* **Directions for this task**
Find the line holding "#99=DIRECTION('',(-1.,0.,0.));" in the entries below. Give it again exactly, along with every line after it up to and including the line holding "#145=CLOSED_SHELL('',(#46,#55,#72,#92,#112,#132,#144));".

* **Exercise data**

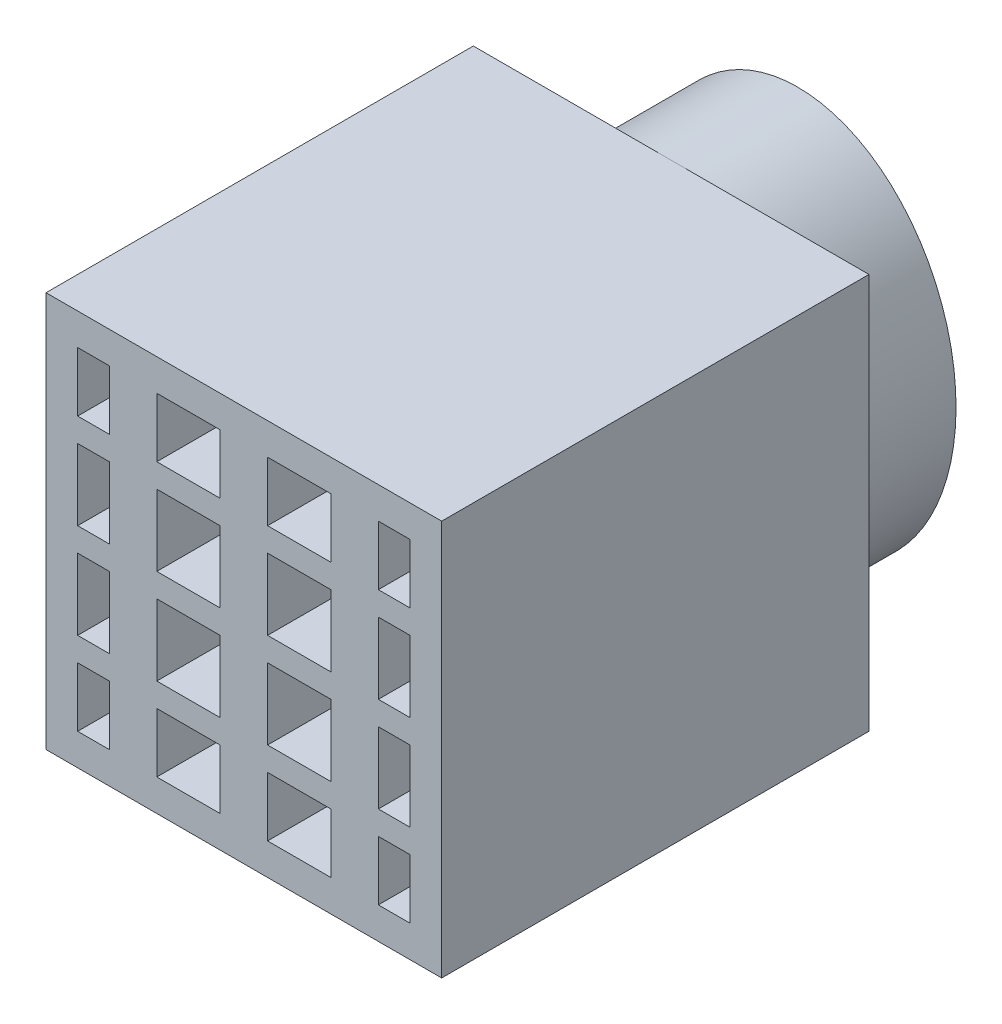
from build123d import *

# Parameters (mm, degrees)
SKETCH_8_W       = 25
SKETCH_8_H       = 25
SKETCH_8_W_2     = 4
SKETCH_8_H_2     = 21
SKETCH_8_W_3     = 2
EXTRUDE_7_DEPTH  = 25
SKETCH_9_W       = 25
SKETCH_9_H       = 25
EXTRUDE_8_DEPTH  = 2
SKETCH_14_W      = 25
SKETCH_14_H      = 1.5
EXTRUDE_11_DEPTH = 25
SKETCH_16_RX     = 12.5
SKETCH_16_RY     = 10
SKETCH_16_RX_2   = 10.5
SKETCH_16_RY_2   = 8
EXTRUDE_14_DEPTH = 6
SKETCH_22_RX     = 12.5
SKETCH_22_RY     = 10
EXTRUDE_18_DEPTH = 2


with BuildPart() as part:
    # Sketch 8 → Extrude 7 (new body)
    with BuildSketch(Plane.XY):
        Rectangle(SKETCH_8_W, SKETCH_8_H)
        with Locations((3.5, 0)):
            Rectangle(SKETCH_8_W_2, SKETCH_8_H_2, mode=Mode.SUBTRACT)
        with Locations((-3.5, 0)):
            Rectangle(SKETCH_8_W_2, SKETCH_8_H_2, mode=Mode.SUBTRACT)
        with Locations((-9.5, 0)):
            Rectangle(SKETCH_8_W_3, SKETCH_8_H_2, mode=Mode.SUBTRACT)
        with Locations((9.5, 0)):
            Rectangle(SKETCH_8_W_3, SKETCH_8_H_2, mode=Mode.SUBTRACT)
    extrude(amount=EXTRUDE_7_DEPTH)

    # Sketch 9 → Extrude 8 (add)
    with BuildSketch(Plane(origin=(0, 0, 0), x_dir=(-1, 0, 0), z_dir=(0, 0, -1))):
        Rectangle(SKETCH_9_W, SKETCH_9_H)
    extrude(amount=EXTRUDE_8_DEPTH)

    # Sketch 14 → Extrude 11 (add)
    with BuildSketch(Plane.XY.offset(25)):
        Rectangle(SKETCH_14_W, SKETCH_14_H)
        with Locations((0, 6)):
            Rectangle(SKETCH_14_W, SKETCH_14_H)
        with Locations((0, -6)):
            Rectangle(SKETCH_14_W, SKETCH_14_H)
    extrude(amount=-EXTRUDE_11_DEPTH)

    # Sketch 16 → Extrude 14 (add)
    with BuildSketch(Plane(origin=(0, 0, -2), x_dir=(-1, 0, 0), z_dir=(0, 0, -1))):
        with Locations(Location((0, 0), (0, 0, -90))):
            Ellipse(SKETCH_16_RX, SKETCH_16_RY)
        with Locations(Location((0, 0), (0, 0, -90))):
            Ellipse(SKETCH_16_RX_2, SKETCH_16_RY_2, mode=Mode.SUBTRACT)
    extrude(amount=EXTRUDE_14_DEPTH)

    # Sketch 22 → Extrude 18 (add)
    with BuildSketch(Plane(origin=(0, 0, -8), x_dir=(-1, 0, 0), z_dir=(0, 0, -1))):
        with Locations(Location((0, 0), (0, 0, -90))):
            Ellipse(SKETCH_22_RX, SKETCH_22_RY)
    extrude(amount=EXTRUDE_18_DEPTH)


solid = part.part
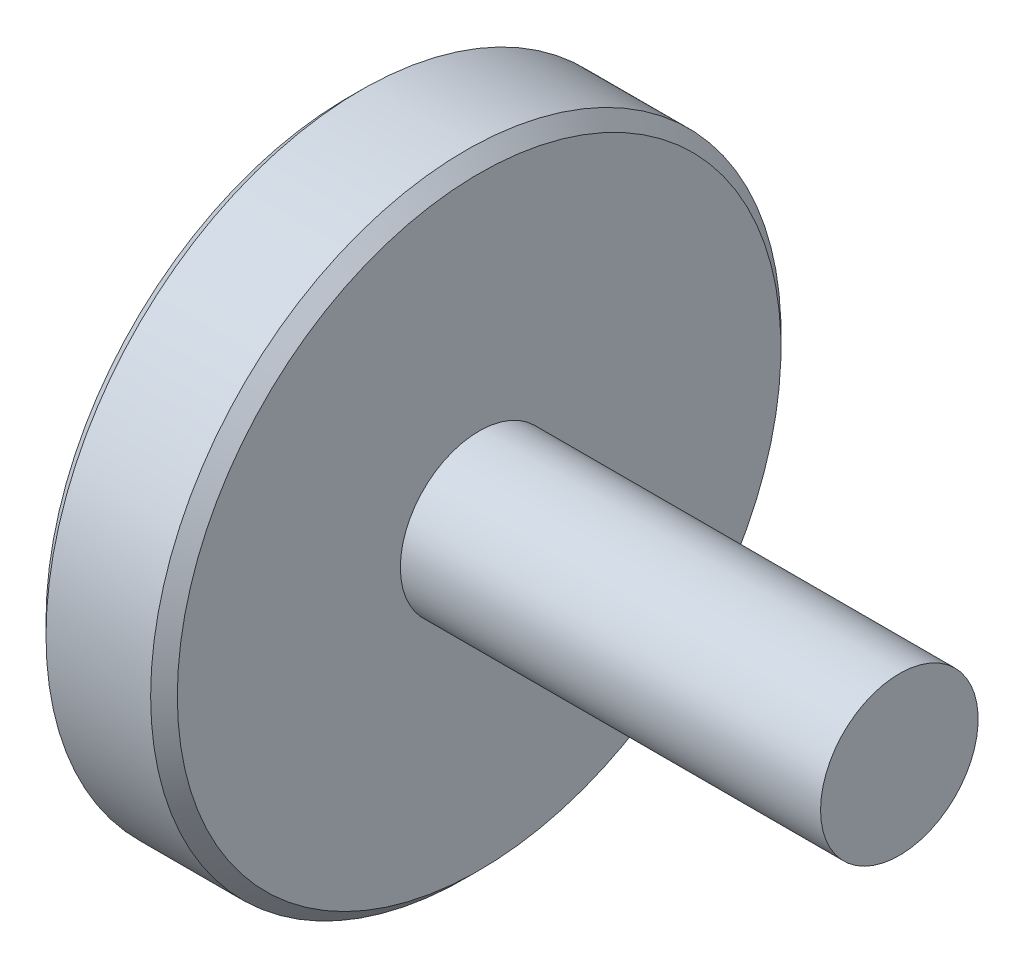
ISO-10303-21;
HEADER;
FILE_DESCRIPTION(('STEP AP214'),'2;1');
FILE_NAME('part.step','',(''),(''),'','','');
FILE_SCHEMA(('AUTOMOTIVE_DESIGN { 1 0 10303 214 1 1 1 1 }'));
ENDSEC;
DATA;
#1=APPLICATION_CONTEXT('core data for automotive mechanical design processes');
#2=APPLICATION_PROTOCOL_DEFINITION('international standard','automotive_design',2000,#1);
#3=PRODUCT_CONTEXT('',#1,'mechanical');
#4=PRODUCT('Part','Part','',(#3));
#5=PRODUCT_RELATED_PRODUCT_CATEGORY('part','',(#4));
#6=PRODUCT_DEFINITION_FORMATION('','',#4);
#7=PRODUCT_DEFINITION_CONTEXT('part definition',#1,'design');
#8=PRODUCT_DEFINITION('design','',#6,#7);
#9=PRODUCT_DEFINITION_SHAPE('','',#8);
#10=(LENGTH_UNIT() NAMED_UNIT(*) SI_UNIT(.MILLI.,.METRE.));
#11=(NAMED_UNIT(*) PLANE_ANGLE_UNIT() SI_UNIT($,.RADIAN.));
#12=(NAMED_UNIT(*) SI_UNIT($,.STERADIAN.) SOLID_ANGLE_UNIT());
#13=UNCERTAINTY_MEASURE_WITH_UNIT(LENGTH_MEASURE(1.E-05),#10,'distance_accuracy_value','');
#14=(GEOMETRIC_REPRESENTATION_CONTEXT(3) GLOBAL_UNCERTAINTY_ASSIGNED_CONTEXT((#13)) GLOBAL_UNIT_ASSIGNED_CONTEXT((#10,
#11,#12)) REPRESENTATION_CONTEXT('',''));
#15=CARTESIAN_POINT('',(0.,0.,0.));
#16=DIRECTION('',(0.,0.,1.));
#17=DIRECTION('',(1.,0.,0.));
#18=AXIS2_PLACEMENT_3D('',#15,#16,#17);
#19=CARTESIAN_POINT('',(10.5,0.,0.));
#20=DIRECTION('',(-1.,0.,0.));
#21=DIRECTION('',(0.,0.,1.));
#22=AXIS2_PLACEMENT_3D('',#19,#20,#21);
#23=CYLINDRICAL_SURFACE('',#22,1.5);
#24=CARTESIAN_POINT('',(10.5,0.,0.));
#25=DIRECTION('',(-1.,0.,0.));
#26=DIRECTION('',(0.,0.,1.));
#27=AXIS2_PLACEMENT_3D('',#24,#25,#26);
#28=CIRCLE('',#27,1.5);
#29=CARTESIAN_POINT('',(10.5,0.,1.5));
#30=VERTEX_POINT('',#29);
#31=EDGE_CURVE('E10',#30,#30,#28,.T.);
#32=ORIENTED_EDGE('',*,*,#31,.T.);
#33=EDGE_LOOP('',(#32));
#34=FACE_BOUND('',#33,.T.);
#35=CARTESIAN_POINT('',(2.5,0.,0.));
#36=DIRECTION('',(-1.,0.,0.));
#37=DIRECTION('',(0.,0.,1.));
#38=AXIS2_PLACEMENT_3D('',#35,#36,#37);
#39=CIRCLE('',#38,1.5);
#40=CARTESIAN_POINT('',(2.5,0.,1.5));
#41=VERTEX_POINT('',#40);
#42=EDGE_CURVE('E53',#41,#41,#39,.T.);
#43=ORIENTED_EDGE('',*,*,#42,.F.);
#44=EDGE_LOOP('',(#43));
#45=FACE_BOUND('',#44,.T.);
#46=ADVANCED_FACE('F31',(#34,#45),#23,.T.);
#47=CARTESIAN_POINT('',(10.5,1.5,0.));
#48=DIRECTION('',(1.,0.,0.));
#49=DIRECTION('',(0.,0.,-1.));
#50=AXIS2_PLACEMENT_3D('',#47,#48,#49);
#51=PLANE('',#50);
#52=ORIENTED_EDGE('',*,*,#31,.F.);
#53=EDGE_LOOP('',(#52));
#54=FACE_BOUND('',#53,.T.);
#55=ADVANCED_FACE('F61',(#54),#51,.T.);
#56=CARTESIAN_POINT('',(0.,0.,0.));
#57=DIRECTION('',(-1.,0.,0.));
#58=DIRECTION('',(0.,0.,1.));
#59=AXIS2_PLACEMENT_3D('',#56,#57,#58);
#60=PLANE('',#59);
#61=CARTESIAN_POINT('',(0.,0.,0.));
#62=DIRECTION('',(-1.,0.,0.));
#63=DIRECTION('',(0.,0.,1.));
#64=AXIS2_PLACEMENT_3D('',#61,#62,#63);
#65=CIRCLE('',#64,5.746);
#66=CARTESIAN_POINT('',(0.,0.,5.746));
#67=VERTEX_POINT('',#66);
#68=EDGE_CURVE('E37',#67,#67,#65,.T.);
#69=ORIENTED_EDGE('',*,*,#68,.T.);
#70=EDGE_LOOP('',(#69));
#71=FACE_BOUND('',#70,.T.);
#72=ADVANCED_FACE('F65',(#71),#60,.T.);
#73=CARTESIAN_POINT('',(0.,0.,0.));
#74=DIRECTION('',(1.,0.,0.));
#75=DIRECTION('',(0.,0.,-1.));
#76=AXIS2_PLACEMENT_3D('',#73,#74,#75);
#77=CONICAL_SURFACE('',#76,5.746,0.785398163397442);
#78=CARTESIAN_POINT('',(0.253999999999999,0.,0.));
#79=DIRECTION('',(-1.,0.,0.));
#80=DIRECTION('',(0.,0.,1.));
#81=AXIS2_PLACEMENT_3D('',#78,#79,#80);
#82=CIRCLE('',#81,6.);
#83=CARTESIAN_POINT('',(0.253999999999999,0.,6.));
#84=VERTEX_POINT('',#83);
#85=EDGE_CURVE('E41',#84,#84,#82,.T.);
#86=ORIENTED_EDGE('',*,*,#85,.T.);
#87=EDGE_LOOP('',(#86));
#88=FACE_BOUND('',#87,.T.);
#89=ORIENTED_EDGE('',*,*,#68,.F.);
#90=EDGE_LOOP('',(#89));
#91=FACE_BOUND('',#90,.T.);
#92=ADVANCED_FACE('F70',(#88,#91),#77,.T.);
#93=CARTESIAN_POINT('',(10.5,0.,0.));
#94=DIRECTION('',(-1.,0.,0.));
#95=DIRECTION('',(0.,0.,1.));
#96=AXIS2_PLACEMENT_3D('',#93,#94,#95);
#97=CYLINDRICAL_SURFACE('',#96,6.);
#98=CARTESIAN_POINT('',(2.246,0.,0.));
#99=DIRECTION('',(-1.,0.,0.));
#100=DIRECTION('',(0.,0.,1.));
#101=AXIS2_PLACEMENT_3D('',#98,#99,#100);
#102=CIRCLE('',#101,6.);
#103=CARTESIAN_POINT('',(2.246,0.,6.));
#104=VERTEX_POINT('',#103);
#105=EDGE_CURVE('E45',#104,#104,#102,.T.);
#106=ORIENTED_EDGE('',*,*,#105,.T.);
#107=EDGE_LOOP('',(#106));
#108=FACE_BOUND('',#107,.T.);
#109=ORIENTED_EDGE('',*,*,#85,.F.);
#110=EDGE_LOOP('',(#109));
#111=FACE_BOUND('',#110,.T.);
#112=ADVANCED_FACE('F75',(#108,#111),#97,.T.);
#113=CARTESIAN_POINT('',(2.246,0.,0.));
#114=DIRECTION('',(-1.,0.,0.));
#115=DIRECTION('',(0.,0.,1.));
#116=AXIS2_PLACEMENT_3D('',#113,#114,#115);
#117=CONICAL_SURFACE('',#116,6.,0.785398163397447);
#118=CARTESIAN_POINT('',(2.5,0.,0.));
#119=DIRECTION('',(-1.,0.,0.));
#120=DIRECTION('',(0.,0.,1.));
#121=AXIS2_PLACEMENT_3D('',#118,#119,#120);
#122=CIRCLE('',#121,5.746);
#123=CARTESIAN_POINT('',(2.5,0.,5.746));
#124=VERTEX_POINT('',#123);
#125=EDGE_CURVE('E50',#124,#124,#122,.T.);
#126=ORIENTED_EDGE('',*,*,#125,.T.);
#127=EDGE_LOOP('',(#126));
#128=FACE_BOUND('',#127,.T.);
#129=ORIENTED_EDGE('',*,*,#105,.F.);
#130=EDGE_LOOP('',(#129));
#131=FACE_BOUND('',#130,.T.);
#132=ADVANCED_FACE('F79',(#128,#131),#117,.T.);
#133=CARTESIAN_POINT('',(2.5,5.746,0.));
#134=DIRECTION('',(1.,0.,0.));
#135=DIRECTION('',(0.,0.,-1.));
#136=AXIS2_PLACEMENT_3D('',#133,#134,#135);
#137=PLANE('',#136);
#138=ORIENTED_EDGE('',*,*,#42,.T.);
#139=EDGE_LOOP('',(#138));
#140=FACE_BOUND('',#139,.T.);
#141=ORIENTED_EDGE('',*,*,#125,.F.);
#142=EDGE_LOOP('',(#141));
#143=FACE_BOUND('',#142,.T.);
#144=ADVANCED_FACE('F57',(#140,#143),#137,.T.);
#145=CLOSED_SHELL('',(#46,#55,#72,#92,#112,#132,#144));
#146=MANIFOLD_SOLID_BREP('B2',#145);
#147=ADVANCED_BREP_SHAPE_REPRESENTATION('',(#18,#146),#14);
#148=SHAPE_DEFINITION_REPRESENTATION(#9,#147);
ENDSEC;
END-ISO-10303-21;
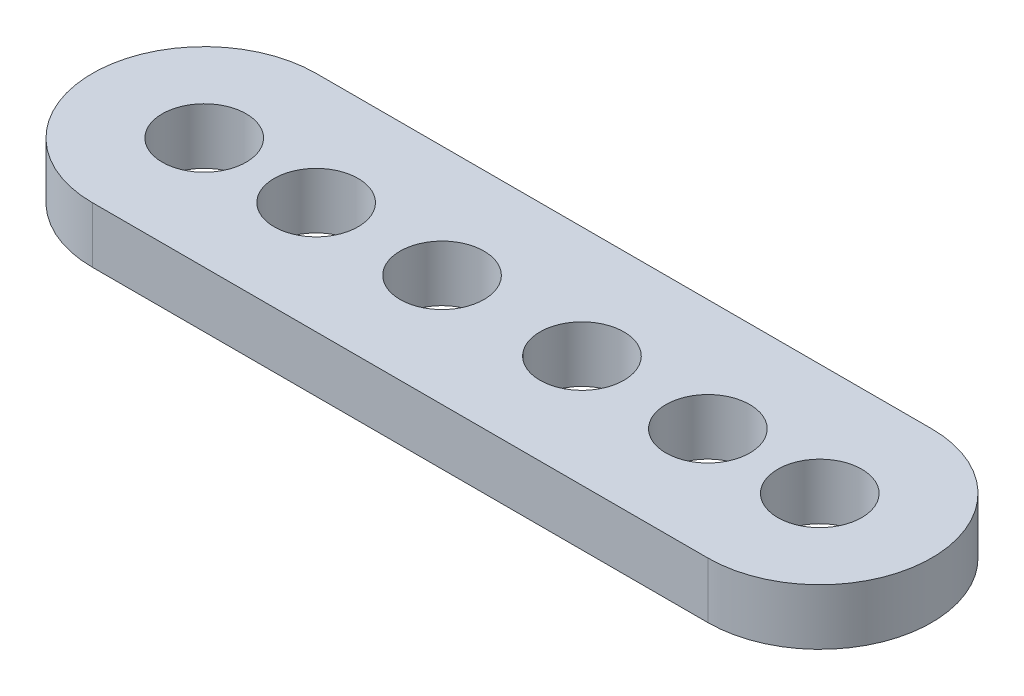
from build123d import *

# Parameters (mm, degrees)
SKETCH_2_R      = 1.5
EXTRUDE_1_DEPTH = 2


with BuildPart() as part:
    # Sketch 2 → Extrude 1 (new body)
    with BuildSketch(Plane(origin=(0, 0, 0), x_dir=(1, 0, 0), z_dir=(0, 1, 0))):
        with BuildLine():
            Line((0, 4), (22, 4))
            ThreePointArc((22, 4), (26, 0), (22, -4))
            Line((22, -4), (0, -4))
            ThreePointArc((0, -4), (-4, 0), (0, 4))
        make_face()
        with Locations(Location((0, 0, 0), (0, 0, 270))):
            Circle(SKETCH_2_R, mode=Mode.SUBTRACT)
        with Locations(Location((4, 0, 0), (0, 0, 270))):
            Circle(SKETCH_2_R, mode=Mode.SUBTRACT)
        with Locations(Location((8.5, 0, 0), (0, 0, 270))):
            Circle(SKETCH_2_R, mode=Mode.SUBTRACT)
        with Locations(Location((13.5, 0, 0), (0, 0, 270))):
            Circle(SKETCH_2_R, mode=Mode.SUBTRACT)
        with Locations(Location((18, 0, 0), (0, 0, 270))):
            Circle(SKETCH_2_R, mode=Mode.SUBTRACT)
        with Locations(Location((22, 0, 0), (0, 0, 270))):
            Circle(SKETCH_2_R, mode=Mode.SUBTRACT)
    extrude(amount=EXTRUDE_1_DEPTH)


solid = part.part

* **Result below**
#99=DIRECTION('',(-1.,0.,0.));
#100=DIRECTION('',(0.,0.,1.));
#101=AXIS2_PLACEMENT_3D('',#98,#99,#100);
#102=CIRCLE('',#101,6.);
#103=CARTESIAN_POINT('',(2.246,0.,6.));
#104=VERTEX_POINT('',#103);
#105=EDGE_CURVE('E45',#104,#104,#102,.T.);
#106=ORIENTED_EDGE('',*,*,#105,.T.);
#107=EDGE_LOOP('',(#106));
#108=FACE_BOUND('',#107,.T.);
#109=ORIENTED_EDGE('',*,*,#85,.F.);
#110=EDGE_LOOP('',(#109));
#111=FACE_BOUND('',#110,.T.);
#112=ADVANCED_FACE('F75',(#108,#111),#97,.T.);
#113=CARTESIAN_POINT('',(2.246,0.,0.));
#114=DIRECTION('',(-1.,0.,0.));
#115=DIRECTION('',(0.,0.,1.));
#116=AXIS2_PLACEMENT_3D('',#113,#114,#115);
#117=CONICAL_SURFACE('',#116,6.,0.785398163397447);
#118=CARTESIAN_POINT('',(2.5,0.,0.));
#119=DIRECTION('',(-1.,0.,0.));
#120=DIRECTION('',(0.,0.,1.));
#121=AXIS2_PLACEMENT_3D('',#118,#119,#120);
#122=CIRCLE('',#121,5.746);
#123=CARTESIAN_POINT('',(2.5,0.,5.746));
#124=VERTEX_POINT('',#123);
#125=EDGE_CURVE('E50',#124,#124,#122,.T.);
#126=ORIENTED_EDGE('',*,*,#125,.T.);
#127=EDGE_LOOP('',(#126));
#128=FACE_BOUND('',#127,.T.);
#129=ORIENTED_EDGE('',*,*,#105,.F.);
#130=EDGE_LOOP('',(#129));
#131=FACE_BOUND('',#130,.T.);
#132=ADVANCED_FACE('F79',(#128,#131),#117,.T.);
#133=CARTESIAN_POINT('',(2.5,5.746,0.));
#134=DIRECTION('',(1.,0.,0.));
#135=DIRECTION('',(0.,0.,-1.));
#136=AXIS2_PLACEMENT_3D('',#133,#134,#135);
#137=PLANE('',#136);
#138=ORIENTED_EDGE('',*,*,#42,.T.);
#139=EDGE_LOOP('',(#138));
#140=FACE_BOUND('',#139,.T.);
#141=ORIENTED_EDGE('',*,*,#125,.F.);
#142=EDGE_LOOP('',(#141));
#143=FACE_BOUND('',#142,.T.);
#144=ADVANCED_FACE('F57',(#140,#143),#137,.T.);
#145=CLOSED_SHELL('',(#46,#55,#72,#92,#112,#132,#144));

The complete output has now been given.